Tuesday 27 March 2012

Grow up with.... Sunil Gavaskar

Of tests and tall scores


IN THE 1930s, if you’d spoken of a Gavaskar playing cricket for Mumbai (then Bombay, of course), guess whom you’d be referring to? Manohar Gavaskar, the Indian cricket legend’s father, who was a popular club cricketer.

Cricket ran in the family, quite naturally. By the time Sunil was born, his uncle Madhav Mantri had already played for India.

Early in life, Mantri taught Sunil a very important lesson. Whenever young Sunil visited his uncle’s house, he’d caress his Test pullovers with great longing. Months later, he picked up enough courage to ask Mantri if he could take one.

Mantri replied, “You have to sweat and earn the India colours. They do not come easily. There is no short cut to the top.” That’s when Sunil decided that he had to work hard to earn his own India pullover.

But I must tell you about the famous mix-up first. When Sunil was born on July 10, 1949, a sharp-eyed uncle named Narayan Masurekar noticed that the baby had a tiny hole near the top of his left ear-lobe. When Masurekar returned the next day, the hole was missing! How could that be? The nurses found that there had been a mix-up while the babies in the hospital nursery were being bathed.

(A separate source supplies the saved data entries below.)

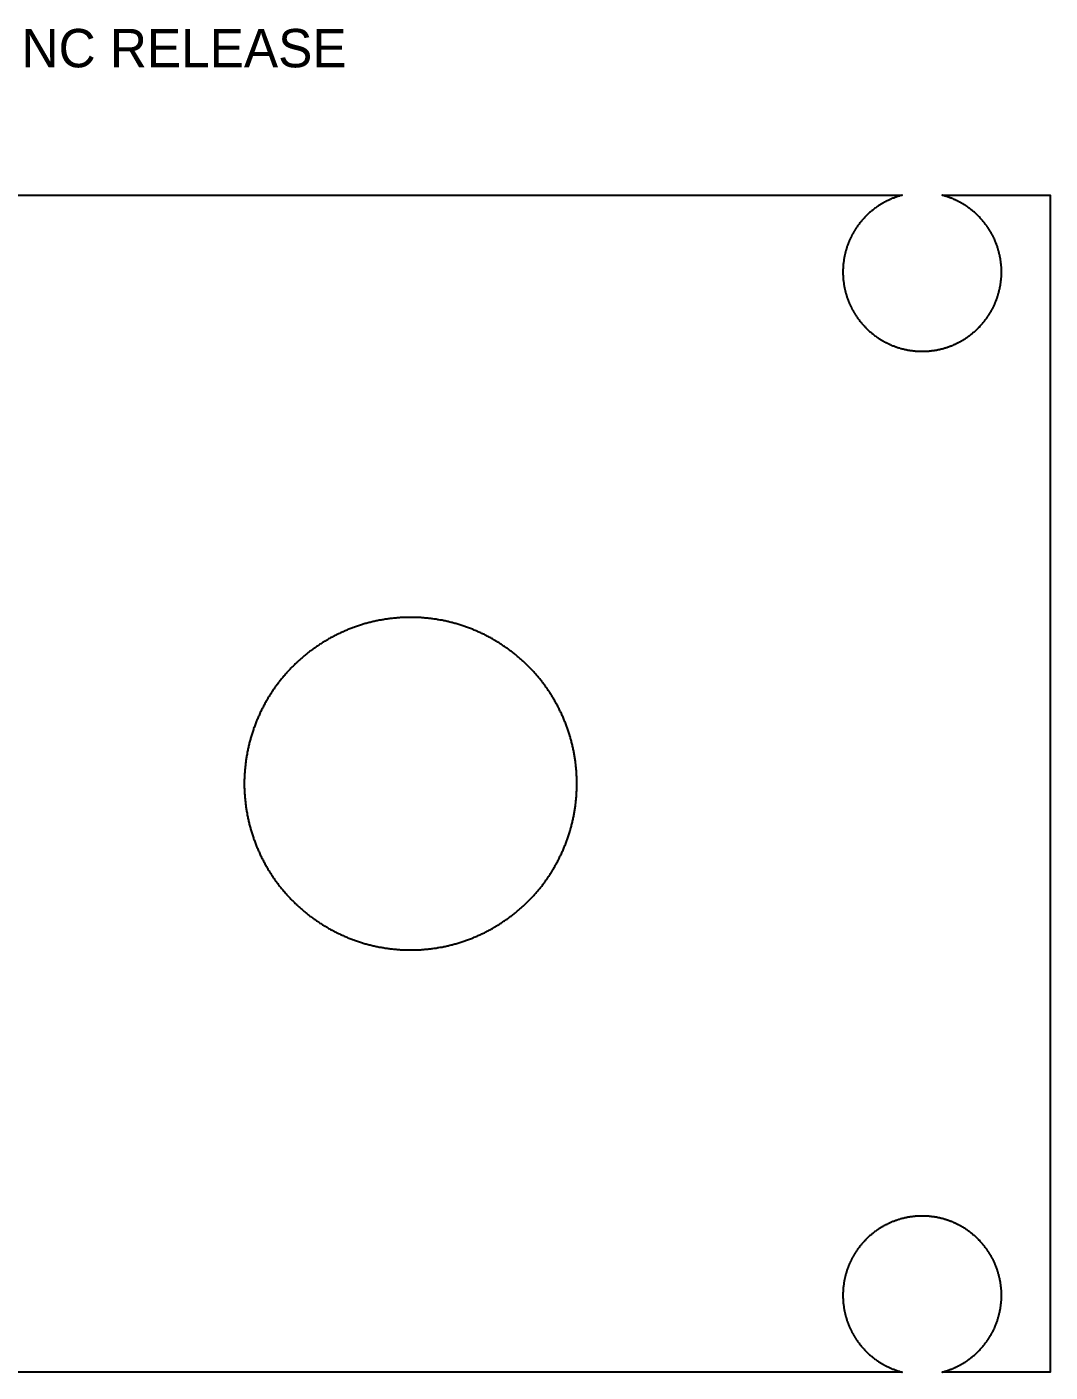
# Model space of a CAD drawing. Header units: millimetres. Extents: x 0 to 160, y 0 to 105.
# Drawn here: x 80 to 160, y 0 to 105.2 of the extents above; entities that cross this region are included whole.
import ezdxf

# ---------------------------------------------------------------- set-up
doc = ezdxf.new("R2010")
doc.units = ezdxf.units.MM
doc.layers.add('CUT', color=7, linetype='Continuous')
doc.layers.add('INFO', color=7, linetype='Continuous')

msp = doc.modelspace()

# ---------------------------------------------------------------- linework, layer by layer
at = {"layer": 'CUT'}
msp.add_lwpolyline([(11.56, 92), (148.44, 92), (148.42, 92), (148.38, 91.99), (148.35, 91.98), (148.31, 91.97), (148.27, 91.95), (148.24, 91.94), (148.2, 91.93), (148.16, 91.92), (148.13, 91.91), (148.09, 91.9), (148.06, 91.89), (148.02, 91.88), (147.98, 91.86), (147.95, 91.85), (147.91, 91.84), (147.88, 91.82), (147.84, 91.81), (147.8, 91.8), (147.77, 91.78), (147.73, 91.77), (147.7, 91.76), (147.66, 91.74), (147.63, 91.73), (147.59, 91.71), (147.56, 91.7), (147.52, 91.68), (147.49, 91.67), (147.45, 91.65), (147.42, 91.64), (147.38, 91.62), (147.35, 91.6), (147.31, 91.59), (147.28, 91.57), (147.25, 91.55), (147.21, 91.54), (147.18, 91.52), (147.14, 91.5), (147.11, 91.49), (147.08, 91.47), (147.04, 91.45), (147.01, 91.43), (146.98, 91.41), (146.94, 91.39), (146.91, 91.38), (146.88, 91.36), (146.85, 91.34), (146.81, 91.32), (146.78, 91.3), (146.75, 91.28), (146.72, 91.26), (146.68, 91.24), (146.65, 91.22), (146.62, 91.2), (146.59, 91.18), (146.56, 91.16), (146.52, 91.13), (146.49, 91.11), (146.46, 91.09), (146.43, 91.07), (146.4, 91.05), (146.37, 91.02), (146.34, 91), (146.31, 90.98), (146.28, 90.96), (146.25, 90.93), (146.22, 90.91), (146.19, 90.89), (146.16, 90.86), (146.13, 90.84), (146.1, 90.82), (146.07, 90.79), (146.04, 90.77), (146.01, 90.74), (145.98, 90.72), (145.95, 90.69), (145.92, 90.67), (145.89, 90.64), (145.86, 90.62), (145.84, 90.59), (145.81, 90.57), (145.78, 90.54), (145.75, 90.52), (145.72, 90.49), (145.7, 90.46), (145.67, 90.44), (145.64, 90.41), (145.62, 90.38), (145.59, 90.36), (145.56, 90.33), (145.54, 90.3), (145.51, 90.28), (145.48, 90.25), (145.46, 90.22), (145.43, 90.19), (145.41, 90.16), (145.38, 90.14), (145.36, 90.11), (145.33, 90.08), (145.31, 90.05), (145.28, 90.02), (145.26, 89.99), (145.23, 89.96), (145.21, 89.93), (145.18, 89.9), (145.16, 89.87), (145.14, 89.84), (145.11, 89.81), (145.09, 89.78), (145.07, 89.75), (145.04, 89.72), (145.02, 89.69), (145, 89.66), (144.98, 89.63), (144.95, 89.6), (144.93, 89.57), (144.91, 89.54), (144.89, 89.51), (144.87, 89.48), (144.84, 89.44), (144.82, 89.41), (144.8, 89.38), (144.78, 89.35), (144.76, 89.32), (144.74, 89.28), (144.72, 89.25), (144.7, 89.22), (144.68, 89.19), (144.66, 89.15), (144.64, 89.12), (144.62, 89.09), (144.61, 89.06), (144.59, 89.02), (144.57, 88.99), (144.55, 88.96), (144.53, 88.92), (144.51, 88.89), (144.5, 88.86), (144.48, 88.82), (144.46, 88.79), (144.45, 88.75), (144.43, 88.72), (144.41, 88.69), (144.4, 88.65), (144.38, 88.62), (144.36, 88.58), (144.35, 88.55), (144.33, 88.51), (144.32, 88.48), (144.3, 88.44), (144.29, 88.41), (144.27, 88.37), (144.26, 88.34), (144.24, 88.3), (144.23, 88.27), (144.22, 88.23), (144.2, 88.2), (144.19, 88.16), (144.18, 88.12), (144.16, 88.09), (144.15, 88.05), (144.14, 88.02), (144.12, 87.98), (144.11, 87.94), (144.1, 87.91), (144.09, 87.87), (144.08, 87.84), (144.07, 87.8), (144.06, 87.76), (144.05, 87.73), (144.03, 87.69), (144.02, 87.65), (144.01, 87.62), (144, 87.58), (144, 87.54), (143.99, 87.51), (143.98, 87.47), (143.97, 87.43), (143.96, 87.4), (143.95, 87.36), (143.94, 87.32), (143.93, 87.28), (143.93, 87.25), (143.92, 87.21), (143.91, 87.17), (143.9, 87.13), (143.9, 87.1), (143.89, 87.06), (143.88, 87.02), (143.88, 86.98), (143.87, 86.95), (143.87, 86.91), (143.86, 86.87), (143.86, 86.83), (143.85, 86.8), (143.85, 86.76), (143.84, 86.72), (143.84, 86.68), (143.83, 86.65), (143.83, 86.61), (143.83, 86.57), (143.82, 86.53), (143.82, 86.49), (143.82, 86.46), (143.81, 86.42), (143.81, 86.38), (143.81, 86.34), (143.81, 86.3), (143.81, 86.27), (143.8, 86.23), (143.8, 86.19), (143.8, 86.15), (143.8, 86.11), (143.8, 86.08), (143.8, 86.04), (143.8, 86), (143.8, 85.96), (143.8, 85.92), (143.8, 85.89), (143.8, 85.85), (143.8, 85.81), (143.8, 85.77), (143.81, 85.73), (143.81, 85.7), (143.81, 85.66), (143.81, 85.62), (143.81, 85.58), (143.82, 85.54), (143.82, 85.51), (143.82, 85.47), (143.83, 85.43), (143.83, 85.39), (143.83, 85.35), (143.84, 85.32), (143.84, 85.28), (143.85, 85.24), (143.85, 85.2), (143.86, 85.17), (143.86, 85.13), (143.87, 85.09), (143.87, 85.05), (143.88, 85.02), (143.88, 84.98), (143.89, 84.94), (143.9, 84.9), (143.9, 84.87), (143.91, 84.83), (143.92, 84.79), (143.93, 84.75), (143.93, 84.72), (143.94, 84.68), (143.95, 84.64), (143.96, 84.6), (143.97, 84.57), (143.98, 84.53), (143.99, 84.49), (144, 84.46), (144, 84.42), (144.01, 84.38), (144.02, 84.35), (144.03, 84.31), (144.05, 84.27), (144.06, 84.24), (144.07, 84.2), (144.08, 84.16), (144.09, 84.13), (144.1, 84.09), (144.11, 84.06), (144.12, 84.02), (144.14, 83.98), (144.15, 83.95), (144.16, 83.91), (144.18, 83.88), (144.19, 83.84), (144.2, 83.8), (144.22, 83.77), (144.23, 83.73), (144.24, 83.7), (144.26, 83.66), (144.27, 83.63), (144.29, 83.59), (144.3, 83.56), (144.32, 83.52), (144.33, 83.49), (144.35, 83.45), (144.36, 83.42), (144.38, 83.38), (144.4, 83.35), (144.41, 83.31), (144.43, 83.28), (144.45, 83.25), (144.46, 83.21), (144.48, 83.18), (144.5, 83.14), (144.51, 83.11), (144.53, 83.08), (144.55, 83.04), (144.57, 83.01), (144.59, 82.98), (144.61, 82.94), (144.62, 82.91), (144.64, 82.88), (144.66, 82.85), (144.68, 82.81), (144.7, 82.78), (144.72, 82.75), (144.74, 82.72), (144.76, 82.68), (144.78, 82.65), (144.8, 82.62), (144.82, 82.59), (144.84, 82.56), (144.87, 82.52), (144.89, 82.49), (144.91, 82.46), (144.93, 82.43), (144.95, 82.4), (144.98, 82.37), (145, 82.34), (145.02, 82.31), (145.04, 82.28), (145.07, 82.25), (145.09, 82.22), (145.11, 82.19), (145.14, 82.16), (145.16, 82.13), (145.18, 82.1), (145.21, 82.07), (145.23, 82.04), (145.26, 82.01), (145.28, 81.98), (145.31, 81.95), (145.33, 81.92), (145.36, 81.89), (145.38, 81.86), (145.41, 81.84), (145.43, 81.81), (145.46, 81.78), (145.48, 81.75), (145.51, 81.72), (145.54, 81.7), (145.56, 81.67), (145.59, 81.64), (145.62, 81.62), (145.64, 81.59), (145.67, 81.56), (145.7, 81.54), (145.72, 81.51), (145.75, 81.48), (145.78, 81.46), (145.81, 81.43), (145.84, 81.41), (145.86, 81.38), (145.89, 81.36), (145.92, 81.33), (145.95, 81.31), (145.98, 81.28), (146.01, 81.26), (146.04, 81.23), (146.07, 81.21), (146.1, 81.18), (146.13, 81.16), (146.16, 81.14), (146.19, 81.11), (146.22, 81.09), (146.25, 81.07), (146.28, 81.04), (146.31, 81.02), (146.34, 81), (146.37, 80.98), (146.4, 80.95), (146.43, 80.93), (146.46, 80.91), (146.49, 80.89), (146.52, 80.87), (146.56, 80.84), (146.59, 80.82), (146.62, 80.8), (146.65, 80.78), (146.68, 80.76), (146.72, 80.74), (146.75, 80.72), (146.78, 80.7), (146.81, 80.68), (146.85, 80.66), (146.88, 80.64), (146.91, 80.62), (146.94, 80.61), (146.98, 80.59), (147.01, 80.57), (147.04, 80.55), (147.08, 80.53), (147.11, 80.51), (147.14, 80.5), (147.18, 80.48), (147.21, 80.46), (147.25, 80.45), (147.28, 80.43), (147.31, 80.41), (147.35, 80.4), (147.38, 80.38), (147.42, 80.36), (147.45, 80.35), (147.49, 80.33), (147.52, 80.32), (147.56, 80.3), (147.59, 80.29), (147.63, 80.27), (147.66, 80.26), (147.7, 80.24), (147.73, 80.23), (147.77, 80.22), (147.8, 80.2), (147.84, 80.19), (147.88, 80.18), (147.91, 80.16), (147.95, 80.15), (147.98, 80.14), (148.02, 80.12), (148.06, 80.11), (148.09, 80.1), (148.13, 80.09), (148.16, 80.08), (148.2, 80.07), (148.24, 80.06), (148.27, 80.05), (148.31, 80.03), (148.35, 80.02), (148.38, 80.01), (148.42, 80), (148.46, 80), (148.49, 79.99), (148.53, 79.98), (148.57, 79.97), (148.6, 79.96), (148.64, 79.95), (148.68, 79.94), (148.72, 79.93), (148.75, 79.93), (148.79, 79.92), (148.83, 79.91), (148.87, 79.9), (148.9, 79.9), (148.94, 79.89), (148.98, 79.88), (149.02, 79.88), (149.05, 79.87), (149.09, 79.87), (149.13, 79.86), (149.17, 79.86), (149.2, 79.85), (149.24, 79.85), (149.28, 79.84), (149.32, 79.84), (149.35, 79.83), (149.39, 79.83), (149.43, 79.83), (149.47, 79.82), (149.51, 79.82), (149.54, 79.82), (149.58, 79.81), (149.62, 79.81), (149.66, 79.81), (149.7, 79.81), (149.73, 79.81), (149.77, 79.8), (149.81, 79.8), (149.85, 79.8), (149.89, 79.8), (149.92, 79.8), (149.96, 79.8), (150, 79.8), (150.04, 79.8), (150.08, 79.8), (150.11, 79.8), (150.15, 79.8), (150.19, 79.8), (150.23, 79.8), (150.27, 79.81), (150.3, 79.81), (150.34, 79.81), (150.38, 79.81), (150.42, 79.81), (150.46, 79.82), (150.49, 79.82), (150.53, 79.82), (150.57, 79.83), (150.61, 79.83), (150.65, 79.83), (150.68, 79.84), (150.72, 79.84), (150.76, 79.85), (150.8, 79.85), (150.83, 79.86), (150.87, 79.86), (150.91, 79.87), (150.95, 79.87), (150.98, 79.88), (151.02, 79.88), (151.06, 79.89), (151.1, 79.9), (151.13, 79.9), (151.17, 79.91), (151.21, 79.92), (151.25, 79.93), (151.28, 79.93), (151.32, 79.94), (151.36, 79.95), (151.4, 79.96), (151.43, 79.97), (151.47, 79.98), (151.51, 79.99), (151.54, 80), (151.58, 80), (151.62, 80.01), (151.65, 80.02), (151.69, 80.03), (151.73, 80.05), (151.76, 80.06), (151.8, 80.07), (151.84, 80.08), (151.87, 80.09), (151.91, 80.1), (151.94, 80.11), (151.98, 80.12), (152.02, 80.14), (152.05, 80.15), (152.09, 80.16), (152.12, 80.18), (152.16, 80.19), (152.2, 80.2), (152.23, 80.22), (152.27, 80.23), (152.3, 80.24), (152.34, 80.26), (152.37, 80.27), (152.41, 80.29), (152.44, 80.3), (152.48, 80.32), (152.51, 80.33), (152.55, 80.35), (152.58, 80.36), (152.62, 80.38), (152.65, 80.4), (152.69, 80.41), (152.72, 80.43), (152.75, 80.45), (152.79, 80.46), (152.82, 80.48), (152.86, 80.5), (152.89, 80.51), (152.92, 80.53), (152.96, 80.55), (152.99, 80.57), (153.02, 80.59), (153.06, 80.61), (153.09, 80.62), (153.12, 80.64), (153.15, 80.66), (153.19, 80.68), (153.22, 80.7), (153.25, 80.72), (153.28, 80.74), (153.32, 80.76), (153.35, 80.78), (153.38, 80.8), (153.41, 80.82), (153.44, 80.84), (153.48, 80.87), (153.51, 80.89), (153.54, 80.91), (153.57, 80.93), (153.6, 80.95), (153.63, 80.98), (153.66, 81), (153.69, 81.02), (153.72, 81.04), (153.75, 81.07), (153.78, 81.09), (153.81, 81.11), (153.84, 81.14), (153.87, 81.16), (153.9, 81.18), (153.93, 81.21), (153.96, 81.23), (153.99, 81.26), (154.02, 81.28), (154.05, 81.31), (154.08, 81.33), (154.11, 81.36), (154.14, 81.38), (154.16, 81.41), (154.19, 81.43), (154.22, 81.46), (154.25, 81.48), (154.28, 81.51), (154.3, 81.54), (154.33, 81.56), (154.36, 81.59), (154.38, 81.62), (154.41, 81.64), (154.44, 81.67), (154.46, 81.7), (154.49, 81.72), (154.52, 81.75), (154.54, 81.78), (154.57, 81.81), (154.59, 81.84), (154.62, 81.86), (154.64, 81.89), (154.67, 81.92), (154.69, 81.95), (154.72, 81.98), (154.74, 82.01), (154.77, 82.04), (154.79, 82.07), (154.82, 82.1), (154.84, 82.13), (154.86, 82.16), (154.89, 82.19), (154.91, 82.22), (154.93, 82.25), (154.96, 82.28), (154.98, 82.31), (155, 82.34), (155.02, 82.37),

Soon, Sunil was found, fast asleep beside a fisherwoman!

If it hadn’t been for that observant uncle, Sunil Manohar Gavaskar might have been just another fisherman today!

Sunil’s mother loved cricket so much that she regularly bowled a tennis ball at her little son at home. One day, the boy drove a ball back at her. His strong shot broke her nose.  Did Sunil get a scolding? Not at all. His mother just washed away the blood, and returned to bowl!

As a schoolboy, Sunil decided that he wanted to be a batsman. His refusal to get out, which the world watched while he was at the crease, was obvious from the very beginning. When he played with his friends, he’d get so furious when he was declared out that he would stomp away with the bat and ball. Imagine the  fights this caused because he was the only child in his group to have either!

As they grew older, his friends planned another way to get him out. They would all appeal at a particular ball they had agreed on earlier ~ and Sunil would be given out by popular demand!

How did Sunil get to play in his first Harris Shield inter-school tournament? His friend Milind Rege, who later became a Ranji Trophy player, went down with chickenpox. And who do you think took his place? Sunil, of course, who scored an unbeaten 30 runs.

The next morning, excited at the thought of seeing his name in the papers, Sunil woke up at the crack of dawn. Can you imagine how sad he felt when his name appeared as ‘G. Sunil’?

At first, Sunil’s poor fielding kept him out of the regular school team. But he decided to train himself to do better. He chose to concentrate in the slips, where catches come swift and hard. This finally earned him a place in the exclusive club of cricketers who have taken over a hundred catches in Test cricket!

In the 1965-66 season, the Sunil Gavaskar of the tall scores arrived. In the quarter-finals of the Cooch Behar Trophy for schools, he scored 246 not out, and added 421 for the first wicket with Anwar Qureshi. In the semi-finals he made 222, and 85 in the final. He was later selected to play for the All India Schoolboys team in London.

In his first ‘test’ against the London Schoolboys, Sunil made 116. In all, he totted up 309 from four ‘tests,’ though he missed the last one because of his final examinations.

His proud parents had an arrangement with Sunil. They gave him Rs. 10 for every century he scored. Would you like a deal like that?

But he wasn’t allowed to neglect his lessons at school. Once, after a poor report, Sunil was refused permission to play in an inter-school tournament. His parents changed their minds only after the principal of the school personally promised to look after Sunil’s studies. There were no major problems after that.

That’s how the legend named Sunil Gavaskar took his first steps on the road that was to fetch him over 10,000 runs in Test cricket.